The Problem of Immigration

Immigration has continued to attract the attention of policy makers especially in host countries. On the margin of the immigration is the popular view that immigration presents social and economic burden to the countries that host immigrants. This paper addresses the reasons why immigration is an ethical dilemma and offers some of the solutions to this problem.

Immigration has many implications to the host countries and the world a large both economically and socially (Borjas, 1994). For example, its impacts on social structure can cause changes in the cultural and social practices of the host. According to (Berry, 2008), immigration means the settling of an individual or a group of people in a new country. It involves intermingling of people and therefore calls for institutional and social changes.

The problem of immigration can be solved by addressing of the conditions that are causing people to migrate. This may be preferable to other solutions like the formation of policies that scuttle the rights of immigrants or even that of building better policies to cater for the rights of the immigrants like it is done in many countries which may in turn lead to influx of immigrants (Coppel, Dumont & Visco, 2001).

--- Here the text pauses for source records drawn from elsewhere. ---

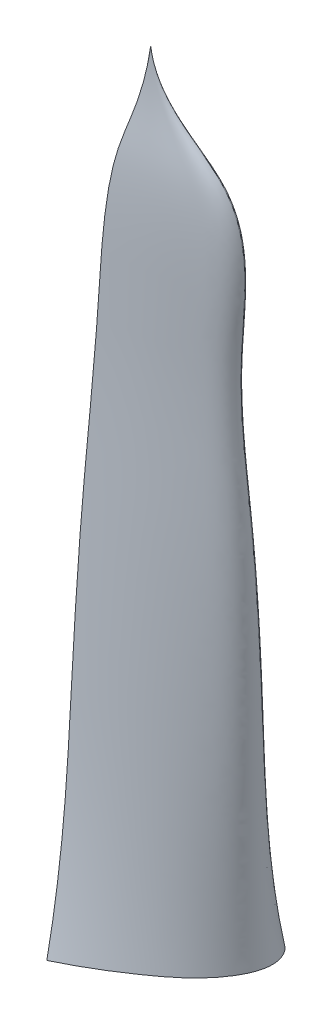
ISO-10303-21;
HEADER;
FILE_DESCRIPTION(('STEP AP214'),'2;1');
FILE_NAME('part.step','',(''),(''),'','','');
FILE_SCHEMA(('AUTOMOTIVE_DESIGN { 1 0 10303 214 1 1 1 1 }'));
ENDSEC;
DATA;
#1=APPLICATION_CONTEXT('core data for automotive mechanical design processes');
#2=APPLICATION_PROTOCOL_DEFINITION('international standard','automotive_design',2000,#1);
#3=PRODUCT_CONTEXT('',#1,'mechanical');
#4=PRODUCT('Part','Part','',(#3));
#5=PRODUCT_RELATED_PRODUCT_CATEGORY('part','',(#4));
#6=PRODUCT_DEFINITION_FORMATION('','',#4);
#7=PRODUCT_DEFINITION_CONTEXT('part definition',#1,'design');
#8=PRODUCT_DEFINITION('design','',#6,#7);
#9=PRODUCT_DEFINITION_SHAPE('','',#8);
#10=(LENGTH_UNIT() NAMED_UNIT(*) SI_UNIT(.MILLI.,.METRE.));
#11=(NAMED_UNIT(*) PLANE_ANGLE_UNIT() SI_UNIT($,.RADIAN.));
#12=(NAMED_UNIT(*) SI_UNIT($,.STERADIAN.) SOLID_ANGLE_UNIT());
#13=UNCERTAINTY_MEASURE_WITH_UNIT(LENGTH_MEASURE(1.E-05),#10,'distance_accuracy_value','');
#14=(GEOMETRIC_REPRESENTATION_CONTEXT(3) GLOBAL_UNCERTAINTY_ASSIGNED_CONTEXT((#13)) GLOBAL_UNIT_ASSIGNED_CONTEXT((#10,
#11,#12)) REPRESENTATION_CONTEXT('',''));
#15=CARTESIAN_POINT('',(0.,0.,0.));
#16=DIRECTION('',(0.,0.,1.));
#17=DIRECTION('',(1.,0.,0.));
#18=AXIS2_PLACEMENT_3D('',#15,#16,#17);
#19=CARTESIAN_POINT('',(27.3903864156705,193.04,16.7732601391821));
#20=DIRECTION('',(0.,1.,0.));
#21=DIRECTION('',(0.,0.,1.));
#22=AXIS2_PLACEMENT_3D('',#19,#20,#21);
#23=PLANE('',#22);
#24=CARTESIAN_POINT('',(-51.0502633096916,193.04,65.8880250046538));
#25=CARTESIAN_POINT('',(-29.4080359716208,193.04,55.5335888101065));
#26=CARTESIAN_POINT('',(6.39775669908416,193.04,34.1414433918272));
#27=CARTESIAN_POINT('',(49.3106608585686,193.04,-0.0869634288471449));
#28=CARTESIAN_POINT('',(69.4256113628962,193.04,-38.7953768272498));
#29=CARTESIAN_POINT('',(61.1191599391449,193.04,-58.2204172722321));
#30=CARTESIAN_POINT('',(56.582333939445,193.04,-63.1890217779224));
#31=B_SPLINE_CURVE_WITH_KNOTS('',3,(#24,#25,#26,#27,#28,#29,#30),.UNSPECIFIED.,.F.,.F.,(4,1,1,1,
4),(0.0177171020432467,0.399201612433671,0.669902249986319,0.904095271302126,1.),.UNSPECIFIED.);
#32=CARTESIAN_POINT('',(-51.0502633096916,193.04,65.8880250046538));
#33=VERTEX_POINT('',#32);
#34=CARTESIAN_POINT('',(56.5823339394449,193.04,-63.1890217779224));
#35=VERTEX_POINT('',#34);
#36=EDGE_CURVE('E204',#33,#35,#31,.T.);
#37=ORIENTED_EDGE('',*,*,#36,.F.);
#38=DIRECTION('',(-0.62278778048811,0.,0.78239081057659));
#39=VECTOR('',#38,1.);
#40=CARTESIAN_POINT('',(-51.0502633096916,193.04,65.8880250046538));
#41=LINE('',#40,#39);
#42=CARTESIAN_POINT('',(51.5604673550769,193.04,-63.0189562398136));
#43=VERTEX_POINT('',#42);
#44=EDGE_CURVE('E190',#43,#33,#41,.T.);
#45=ORIENTED_EDGE('',*,*,#44,.F.);
#46=CARTESIAN_POINT('',(54.1439218116008,193.04,-60.9625109886419));
#47=DIRECTION('',(0.,1.,0.));
#48=DIRECTION('',(0.,0.,-1.));
#49=AXIS2_PLACEMENT_3D('',#46,#47,#48);
#50=CIRCLE('',#49,3.30199999999999);
#51=EDGE_CURVE('E191',#35,#43,#50,.T.);
#52=ORIENTED_EDGE('',*,*,#51,.F.);
#53=EDGE_LOOP('',(#37,#45,#52));
#54=FACE_BOUND('',#53,.T.);
#55=ADVANCED_FACE('F162',(#54),#23,.F.);
#56=CARTESIAN_POINT('',(56.5823339394449,193.04,-63.1890217779224));
#57=CARTESIAN_POINT('',(57.6564598597152,224.95538014561,-54.9881752056704));
#58=CARTESIAN_POINT('',(60.1807349888683,305.115980336233,-40.0172295989538));
#59=CARTESIAN_POINT('',(66.0053734685914,433.937675680103,-31.1541565366904));
#60=CARTESIAN_POINT('',(65.8905401425748,580.253237547307,-22.2820204894803));
#61=CARTESIAN_POINT('',(51.8750555986007,719.661239150954,-15.3549033811939));
#62=CARTESIAN_POINT('',(82.3922586658384,870.668992981242,-14.5492681769807));
#63=CARTESIAN_POINT('',(-8.88055085515012,916.999693508035,-1.90958778796577));
#64=CARTESIAN_POINT('',(-13.7823194,965.2,0.));
#65=CARTESIAN_POINT('',(56.4638482663645,193.04,-63.3187839616972));
#66=CARTESIAN_POINT('',(57.5611742421126,224.955548362745,-55.1229280616902));
#67=CARTESIAN_POINT('',(60.1279877256092,305.115862407605,-40.1580139305224));
#68=CARTESIAN_POINT('',(65.9944598121193,433.937712998386,-31.3011336589291));
#69=CARTESIAN_POINT('',(65.9106477657984,580.253224905395,-22.4179870198765));
#70=CARTESIAN_POINT('',(51.9071782218437,719.661252454668,-15.4603857200904));
#71=CARTESIAN_POINT('',(82.4554967197115,870.668957051674,-14.6690591047114));
#72=CARTESIAN_POINT('',(-8.88005917627443,916.999749128808,-1.9207557726907));
#73=CARTESIAN_POINT('',(-13.7823194,965.2,0.));
#74=CARTESIAN_POINT('',(56.1891672771625,193.04,-63.5787000517568));
#75=CARTESIAN_POINT('',(57.3328933638662,224.955884797015,-55.3928254962396));
#76=CARTESIAN_POINT('',(59.9927303123508,305.115626550348,-40.4456095238959));
#77=CARTESIAN_POINT('',(65.9351402689739,433.937787634951,-31.5921801311704));
#78=CARTESIAN_POINT('',(65.9128826889724,580.253199621573,-22.6859669041055));
#79=CARTESIAN_POINT('',(51.9281669789958,719.661279062092,-15.6524172274836));
#80=CARTESIAN_POINT('',(82.5159249999944,870.668885192543,-14.8899596362624));
#81=CARTESIAN_POINT('',(-8.87907581852305,916.999860370353,-1.94309174214052));
#82=CARTESIAN_POINT('',(-13.7823194,965.2,0.));
#83=CARTESIAN_POINT('',(55.6306539667948,193.04,-63.9397414922138));
#84=CARTESIAN_POINT('',(56.8582727922136,224.95673087074,-55.7770098175588));
#85=CARTESIAN_POINT('',(59.6749244857976,305.115034838438,-40.861328721393));
#86=CARTESIAN_POINT('',(65.7483360880859,433.937967710507,-31.9918634622748));
#87=CARTESIAN_POINT('',(65.8116011526854,580.253163932211,-23.0570495595296));
#88=CARTESIAN_POINT('',(51.8872010906486,719.661241951824,-15.8984327595833));
#89=CARTESIAN_POINT('',(82.5103887607781,870.669050435,-15.1910231423962));
#90=CARTESIAN_POINT('',(-8.88668274564937,916.999596221878,-1.96646267979184));
#91=CARTESIAN_POINT('',(-13.7823194,965.2,0.));
#92=CARTESIAN_POINT('',(54.9005083188148,193.04,-64.2126402634231));
#93=CARTESIAN_POINT('',(56.2321380616942,224.95799215701,-56.0836334063638));
#94=CARTESIAN_POINT('',(59.2431489455097,305.114152598654,-41.2184873118182));
#95=CARTESIAN_POINT('',(65.4674632456956,433.938236926852,-32.3286989969087));
#96=CARTESIAN_POINT('',(65.6274529497712,580.253107916505,-23.3799002461271));
#97=CARTESIAN_POINT('',(51.7921266959312,719.661197114745,-16.1082493148372));
#98=CARTESIAN_POINT('',(82.4290903735151,870.669261899581,-15.4573838722488));
#99=CARTESIAN_POINT('',(-8.89742167562409,916.999257265133,-1.98580908746115));
#100=CARTESIAN_POINT('',(-13.7823194,965.2,0.));
#101=CARTESIAN_POINT('',(54.0308081842834,193.04,-64.3026441607041));
#102=CARTESIAN_POINT('',(55.484502610083,224.96063731182,-56.2345715733744));
#103=CARTESIAN_POINT('',(58.7206349931368,305.11230152654,-41.4688955227533));
#104=CARTESIAN_POINT('',(65.115883989263,433.938806056595,-32.5874970636968));
#105=CARTESIAN_POINT('',(65.3717150725977,580.252973854347,-23.6421289823099));
#106=CARTESIAN_POINT('',(51.6545643382135,719.661164936231,-16.2827020771166));
#107=CARTESIAN_POINT('',(82.2880819853897,870.669499672029,-15.6870701259289));
#108=CARTESIAN_POINT('',(-8.91140554867155,916.998869818139,-2.00113465174902));
#109=CARTESIAN_POINT('',(-13.7823194,965.2,0.));
#110=CARTESIAN_POINT('',(53.1691895578024,193.04,-64.1540091445387));
#111=CARTESIAN_POINT('',(54.7239882815451,224.96553040627,-56.1814923445432));
#112=CARTESIAN_POINT('',(58.1504890445573,305.108876468851,-41.5791697372709));
#113=CARTESIAN_POINT('',(64.7103436992304,433.939863567445,-32.7482380429167));
#114=CARTESIAN_POINT('',(65.0590618963279,580.252708603393,-23.8334923256712));
#115=CARTESIAN_POINT('',(51.4791497745836,719.661169769427,-16.4188618902051));
#116=CARTESIAN_POINT('',(82.0934690295777,870.669725472393,-15.8733795865566));
#117=CARTESIAN_POINT('',(-8.92820392892339,916.998489611829,-2.01324720602713));
#118=CARTESIAN_POINT('',(-13.7823194,965.2,0.));
#119=CARTESIAN_POINT('',(52.4591789731738,193.04,-63.8323394749903));
#120=CARTESIAN_POINT('',(54.0627907814066,224.9712052267,-55.9599075586258));
#121=CARTESIAN_POINT('',(57.5901012323702,305.104904073104,-41.5378876739306));
#122=CARTESIAN_POINT('',(64.2760187982233,433.941090813005,-32.8088286031577));
#123=CARTESIAN_POINT('',(64.7032981841885,580.252398100499,-23.9406314284259));
#124=CARTESIAN_POINT('',(51.2684384689246,719.661186096545,-16.5121183082841));
#125=CARTESIAN_POINT('',(81.850634764106,870.66995168895,-16.0093672875624));
#126=CARTESIAN_POINT('',(-8.94852215126564,916.998104723707,-2.02135777616444));
#127=CARTESIAN_POINT('',(-13.7823194,965.2,0.));
#128=CARTESIAN_POINT('',(51.9263705731792,193.04,-63.4343404191118));
#129=CARTESIAN_POINT('',(53.5406555717489,224.976066107133,-55.6434619568625));
#130=CARTESIAN_POINT('',(57.0953939482828,305.10150160146,-41.3713589594171));
#131=CARTESIAN_POINT('',(63.838352965756,433.94214116447,-32.7549937835935));
#132=CARTESIAN_POINT('',(64.3188343303388,580.252135317487,-23.9551664014298));
#133=CARTESIAN_POINT('',(51.0222949968938,719.66118820684,-16.5501071063237));
#134=CARTESIAN_POINT('',(81.5583523512899,870.670184952601,-16.0791679077899));
#135=CARTESIAN_POINT('',(-8.97249640887019,916.997712949794,-2.02545816039879));
#136=CARTESIAN_POINT('',(-13.7823194,965.2,0.));
#137=CARTESIAN_POINT('',(51.6699028453118,193.04,-63.1564369749746));
#138=CARTESIAN_POINT('',(53.2791463327736,224.978295036058,-55.4024997381768));
#139=CARTESIAN_POINT('',(56.8278613337418,305.099942068497,-41.2085452290257));
#140=CARTESIAN_POINT('',(63.5621418166873,433.94261932269,-32.6474946600604));
#141=CARTESIAN_POINT('',(64.0590067584314,580.252027534888,-23.8917552425177));
#142=CARTESIAN_POINT('',(50.831230572998,719.661141758879,-16.5251316684913));
#143=CARTESIAN_POINT('',(81.3290291852116,870.670449606891,-16.069477064001));
#144=CARTESIAN_POINT('',(-8.99295754271348,916.997285384362,-2.0199725892584));
#145=CARTESIAN_POINT('',(-13.7823194,965.2,0.));
#146=CARTESIAN_POINT('',(42.9320954690671,193.04,-52.1793747879095));
#147=CARTESIAN_POINT('',(44.3391284703665,225.066863264398,-45.897507455777));
#148=CARTESIAN_POINT('',(47.3300395583481,305.037973039536,-34.0217617863481));
#149=CARTESIAN_POINT('',(53.3296959831195,433.961618090045,-27.0724261209034));
#150=CARTESIAN_POINT('',(53.9096080326386,580.247749182188,-19.7899384487152));
#151=CARTESIAN_POINT('',(42.5418127447663,719.659279433144,-13.7396221624817));
#152=CARTESIAN_POINT('',(70.9162320736962,870.681021323991,-13.2556191513442));
#153=CARTESIAN_POINT('',(-9.81059058133363,916.980208526185,-1.79831394180666));
#154=CARTESIAN_POINT('',(-13.7823194,965.2,0.));
#155=CARTESIAN_POINT('',(25.7931119453523,193.04,-30.6481507791976));
#156=CARTESIAN_POINT('',(26.6540509985509,225.177085265039,-26.8524291397478));
#157=CARTESIAN_POINT('',(28.7334041992243,304.960889218507,-20.1395100158756));
#158=CARTESIAN_POINT('',(33.0891250906794,433.985070596844,-15.9700069835312));
#159=CARTESIAN_POINT('',(33.8486393262921,580.243124581767,-11.7191965984292));
#160=CARTESIAN_POINT('',(26.0715876144003,719.654352345821,-8.12721519566173));
#161=CARTESIAN_POINT('',(50.3244190612465,870.702856059784,-7.93520187335008));
#162=CARTESIAN_POINT('',(-11.5468189752715,916.945312711716,-0.945933998451135));
#163=CARTESIAN_POINT('',(-13.7823194,965.2,0.));
#164=CARTESIAN_POINT('',(0.25510202269265,193.04,1.43453438242004));
#165=CARTESIAN_POINT('',(0.372830159534729,225.234181986523,1.21141081497311));
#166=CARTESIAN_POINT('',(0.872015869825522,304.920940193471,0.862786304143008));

However, it is notable that immigration also has its positivity. It is understood to help in integrating humanity across the world and therefore building one unified people. If this is the case, then positive immigration should be encouraged to allow people from different cultures to mingle and exchange their cultures.

 The main assumptions to the problem of immigration is that immigrants only come to enjoy the resources of the host country while they have nothing important to offer to these countries. However, the reality is that immigrants have been instrumental in the development of some of these host countries. For instance, Card (2001) argues that the American nation can be said to have been built by immigrants.

Morally, nations should borrow from the utilitarianism and avoid brushing it away in totality but regulate it to ensure that it benefits the majority who are the natives. Addressing such dilemma will thus require the formulation of appropriate policies at the governmental levels (Berry, 2001).

In conclusion, solving the problem of immigration would make the world a free place to live at; and people will be moving to new areas, not because they are running away from persecution but rather; as a way of cultural integration.